**Work to be completed**
Among the entries below, extract exactly the lines that run from the one with "line L3 (130.4, -9.25) -> (155.4, -9.25)" through the one with "point P5 (0, 0)", both ends included.

**Task input**

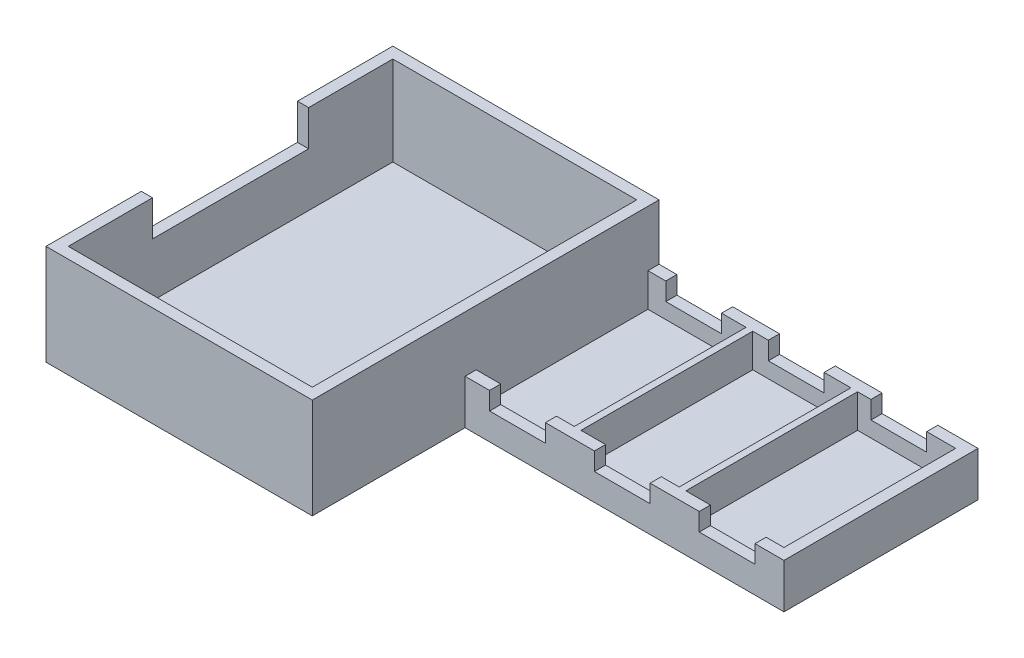
SolidWorks part; units mm, degrees
ref_plane "Frontal Plane" through (0, 0, 0) normal (0, 0, 1) x (1, 0, 0)
ref_plane "Horizontal Plane" through (0, 0, 0) normal (0, 1, 0) x (1, 0, 0)
ref_plane "Profile Plane" through (0, 0, 0) normal (1, 0, 0) x (0, 0, -1)
sketch "Sketch1" plane through (0, 0, 0) normal (0, 1, 0) x (1, 0, 0)
  line L0 (0, 77.75) -> (0, -77.75)
  line L1 (0, 77.75) -> (262.4, 77.75)
  line L2 (0, -77.75) -> (119.4, -77.75)
  line L3 (262.4, 77.75) -> (262.4, -9.25)
  line L4 (262.4, -9.25) -> (119.4, -9.25)
  line L5 (119.4, -9.25) -> (119.4, -77.75)
  line L6 (5, 72.75) -> (257.4, 72.75)
  line L7 (257.4, 72.75) -> (257.4, -4.25)
  line L8 (257.4, -4.25) -> (114.4, -4.25)
  line L9 (114.4, -4.25) -> (114.4, -72.75)
  line L10 (5, -72.75) -> (114.4, -72.75)
  line L11 (5, 72.75) -> (5, -72.75)
  point P4 (0, 0)
  dimension "D1" = 145.5
  dimension "D2" = 109.4
  dimension "D4" = 138
  dimension "D5" = 77
  dimension "D3" = 5
extrude "Boss-Extrude1" add sketch "Sketch1" along normal blind 40
sketch "Sketch3" plane through (0, 0, 0) normal (0, -1, 0) x (1, 0, 0)
  line L0 (119.4, 77.75) -> (119.4, 9.25)
  line L1 (119.4, 77.75) -> (119.4, 9.25)
  line L2 (119.4, 9.25) -> (262.4, 9.25)
  line L3 (119.4, 9.25) -> (262.4, 9.25)
  line L4 (262.4, 9.25) -> (262.4, -77.75)
  line L5 (262.4, 9.25) -> (262.4, -77.75)
  line L6 (262.4, -77.75) -> (0, -77.75)
  line L7 (262.4, -77.75) -> (0, -77.75)
  line L8 (0, -77.75) -> (0, 77.75)
  line L9 (0, -77.75) -> (0, 77.75)
  line L10 (0, 77.75) -> (119.4, 77.75)
  line L11 (0, 77.75) -> (119.4, 77.75)
extrude "Boss-Extrude2" add sketch "Sketch3" along normal blind 5
sketch "Sketch4" plane through (0, 0, 0) normal (0, 1, 0) x (1, 0, 0)
  line L0 (114.4, -4.25) -> (114.4, 72.75)
  line L1 (257.4, 72.75) -> (5, 72.75) construction
  line L2 (114.4, -4.25) -> (119.4, -4.25)
  line L3 (114.4, -4.25) -> (257.4, -4.25) construction
  line L4 (119.4, -4.25) -> (119.4, 72.75)
  line L5 (119.4, 72.75) -> (114.4, 72.75)
  line L7 (163.4, 72.75) -> (163.4, -4.25)
  line L8 (114.4, -4.25) -> (257.4, -4.25) construction
  line L9 (163.4, -4.25) -> (166.4, -4.25)
  line L10 (166.4, -4.25) -> (166.4, 72.75)
  line L11 (257.4, 72.75) -> (5, 72.75) construction
  line L12 (166.4, 72.75) -> (163.4, 72.75)
  line L13 (210.4, 72.75) -> (210.4, -4.25)
  line L14 (210.4, -4.25) -> (213.4, -4.25)
  line L15 (213.4, -4.25) -> (213.4, 72.75)
  line L16 (213.4, 72.75) -> (210.4, 72.75)
  point P20 (145.9914, 71.75)
  dimension "D1" = 3
  dimension "D2" = 44
  dimension "D3" = 44
extrude "Boss-Extrude3" add sketch "Sketch4" along normal up to surface (40 mm away) up to face at (127.2667, 40, 3.0833)
sketch "Sketch5" plane through (0, 40, 0) normal (0, 1, 0) x (1, 0, 0)
  line L0 (119.4, 77.75) -> (119.4, -9.25)
  line L1 (262.4, 77.75) -> (0, 77.75) construction
  line L2 (119.4, -9.25) -> (262.4, -9.25)
  line L3 (262.4, -9.25) -> (262.4, 77.75)
  line L4 (262.4, 77.75) -> (119.4, 77.75)
extrude "Cut-Extrude1" cut sketch "Sketch5" against normal offset from surface (25 mm away) 15 up to face at (141.4, 0, -34.25)
sketch "Sketch6" plane through (0, 15, 0) normal (0, 1, 0) x (1, 0, 0)
  line L0 (130.4, -4.25) -> (130.4, -9.25)
  line L1 (119.4, -4.25) -> (163.4, -4.25) construction
  line L2 (262.4, -9.25) -> (119.4, -9.25) construction
  line L3 (130.4, -9.25) -> (155.4, -9.25)
  line L4 (155.4, -9.25) -> (155.4, -4.25)
  line L5 (119.4, -4.25) -> (163.4, -4.25) construction
  line L6 (155.4, -4.25) -> (130.4, -4.25)
  line L7 (163.4, 72.75) -> (119.4, 72.75) construction
  line L8 (202.4, -4.25) -> (177.4, -4.25)
  line L9 (177.4, -4.25) -> (177.4, -9.25)
  line L10 (177.4, -9.25) -> (202.4, -9.25)
  line L11 (202.4, -9.25) -> (202.4, -4.25)
  line L12 (249.4, -4.25) -> (224.4, -4.25)
  line L13 (224.4, -4.25) -> (224.4, -9.25)
  line L14 (224.4, -9.25) -> (249.4, -9.25)
  line L15 (249.4, -9.25) -> (249.4, -4.25)
  line L16 (155.4, -4.25) -> (202.4, -4.25) construction
  line L17 (127.4, 77.75) -> (127.4, 72.75)
  line L18 (119.4, 77.75) -> (262.4, 77.75) construction
  line L19 (127.4, 72.75) -> (152.4, 72.75)
  line L20 (152.4, 72.75) -> (152.4, 77.75)
  line L21 (152.4, 77.75) -> (127.4, 77.75)
  line L22 (198.4, 77.75) -> (173.4, 77.75)
  line L23 (173.4, 77.75) -> (173.4, 72.75)
  line L24 (173.4, 72.75) -> (198.4, 72.75)
  line L25 (198.4, 72.75) -> (198.4, 77.75)
  line L26 (244.4, 77.75) -> (219.4, 77.75)
  line L27 (219.4, 77.75) -> (219.4, 72.75)
  line L28 (219.4, 72.75) -> (244.4, 72.75)
  line L29 (244.4, 72.75) -> (244.4, 77.75)
  line L30 (152.4, 77.75) -> (198.4, 77.75) construction
  point P12 (141.4, 72.75)
  point P13 (141.4, -4.25)
  point P31 (142.9, -9.25)
  point P32 (139.9, 72.75)
  dimension "D1" = 25
  dimension "D3" = 47
  dimension "D4" = 1.5
  dimension "D5" = 25
  dimension "D7" = 46
  dimension "D8" = 1.5
  dimension "D2" = 3
  dimension "D6" = 3
extrude "Cut-Extrude2" cut sketch "Sketch6" against normal offset from surface (8 mm away) 7 up to face at (141.4, 0, -34.25)
sketch "Sketch7" plane through (0, 40, 0) normal (0, 1, 0) x (1, 0, 0)
  line L0 (0, 35) -> (0, -35)
  line L1 (0, 77.75) -> (0, -77.75) construction
  line L2 (0, -35) -> (5, -35)
  line L3 (5, 72.75) -> (5, -72.75) construction
  line L4 (5, -35) -> (5, 35)
  line L5 (5, 35) -> (0, 35)
  point P5 (0, 0)
  dimension "D1" = 70
extrude "Cut-Extrude3" cut sketch "Sketch7" against normal offset from surface (16 mm away) 24 up to face at (59.7, 0, 0)
sketch "Sketch8" [suppressed] plane through (0, 0, 0) normal (0, 1, 0) x (1, 0, 0)
  line L1 (-0.2725, 127.4404) -> (255.7275, 127.4404)
  line L2 (-0.2725, 127.4404) -> (-0.2725, -128.5596)
  line L3 (-0.2725, -128.5596) -> (255.7275, -128.5596)
  line L4 (255.7275, 127.4404) -> (255.7275, -128.5596)
  line L5 (-0.2725, 127.4404) -> (255.7275, -128.5596) construction
  line L6 (-0.2725, -128.5596) -> (255.7275, 127.4404) construction
  point P0 (127.7275, -0.5596)
  dimension "D1" = 256
  dimension "D2" = 256

**Result for this task**
  line L3 (130.4, -9.25) -> (155.4, -9.25)
  line L4 (155.4, -9.25) -> (155.4, -4.25)
  line L5 (119.4, -4.25) -> (163.4, -4.25) construction
  line L6 (155.4, -4.25) -> (130.4, -4.25)
  line L7 (163.4, 72.75) -> (119.4, 72.75) construction
  line L8 (202.4, -4.25) -> (177.4, -4.25)
  line L9 (177.4, -4.25) -> (177.4, -9.25)
  line L10 (177.4, -9.25) -> (202.4, -9.25)
  line L11 (202.4, -9.25) -> (202.4, -4.25)
  line L12 (249.4, -4.25) -> (224.4, -4.25)
  line L13 (224.4, -4.25) -> (224.4, -9.25)
  line L14 (224.4, -9.25) -> (249.4, -9.25)
  line L15 (249.4, -9.25) -> (249.4, -4.25)
  line L16 (155.4, -4.25) -> (202.4, -4.25) construction
  line L17 (127.4, 77.75) -> (127.4, 72.75)
  line L18 (119.4, 77.75) -> (262.4, 77.75) construction
  line L19 (127.4, 72.75) -> (152.4, 72.75)
  line L20 (152.4, 72.75) -> (152.4, 77.75)
  line L21 (152.4, 77.75) -> (127.4, 77.75)
  line L22 (198.4, 77.75) -> (173.4, 77.75)
  line L23 (173.4, 77.75) -> (173.4, 72.75)
  line L24 (173.4, 72.75) -> (198.4, 72.75)
  line L25 (198.4, 72.75) -> (198.4, 77.75)
  line L26 (244.4, 77.75) -> (219.4, 77.75)
  line L27 (219.4, 77.75) -> (219.4, 72.75)
  line L28 (219.4, 72.75) -> (244.4, 72.75)
  line L29 (244.4, 72.75) -> (244.4, 77.75)
  line L30 (152.4, 77.75) -> (198.4, 77.75) construction
  point P12 (141.4, 72.75)
  point P13 (141.4, -4.25)
  point P31 (142.9, -9.25)
  point P32 (139.9, 72.75)
  dimension "D1" = 25
  dimension "D3" = 47
  dimension "D4" = 1.5
  dimension "D5" = 25
  dimension "D7" = 46
  dimension "D8" = 1.5
  dimension "D2" = 3
  dimension "D6" = 3
extrude "Cut-Extrude2" cut sketch "Sketch6" against normal offset from surface (8 mm away) 7 up to face at (141.4, 0, -34.25)
sketch "Sketch7" plane through (0, 40, 0) normal (0, 1, 0) x (1, 0, 0)
  line L0 (0, 35) -> (0, -35)
  line L1 (0, 77.75) -> (0, -77.75) construction
  line L2 (0, -35) -> (5, -35)
  line L3 (5, 72.75) -> (5, -72.75) construction
  line L4 (5, -35) -> (5, 35)
  line L5 (5, 35) -> (0, 35)
  point P5 (0, 0)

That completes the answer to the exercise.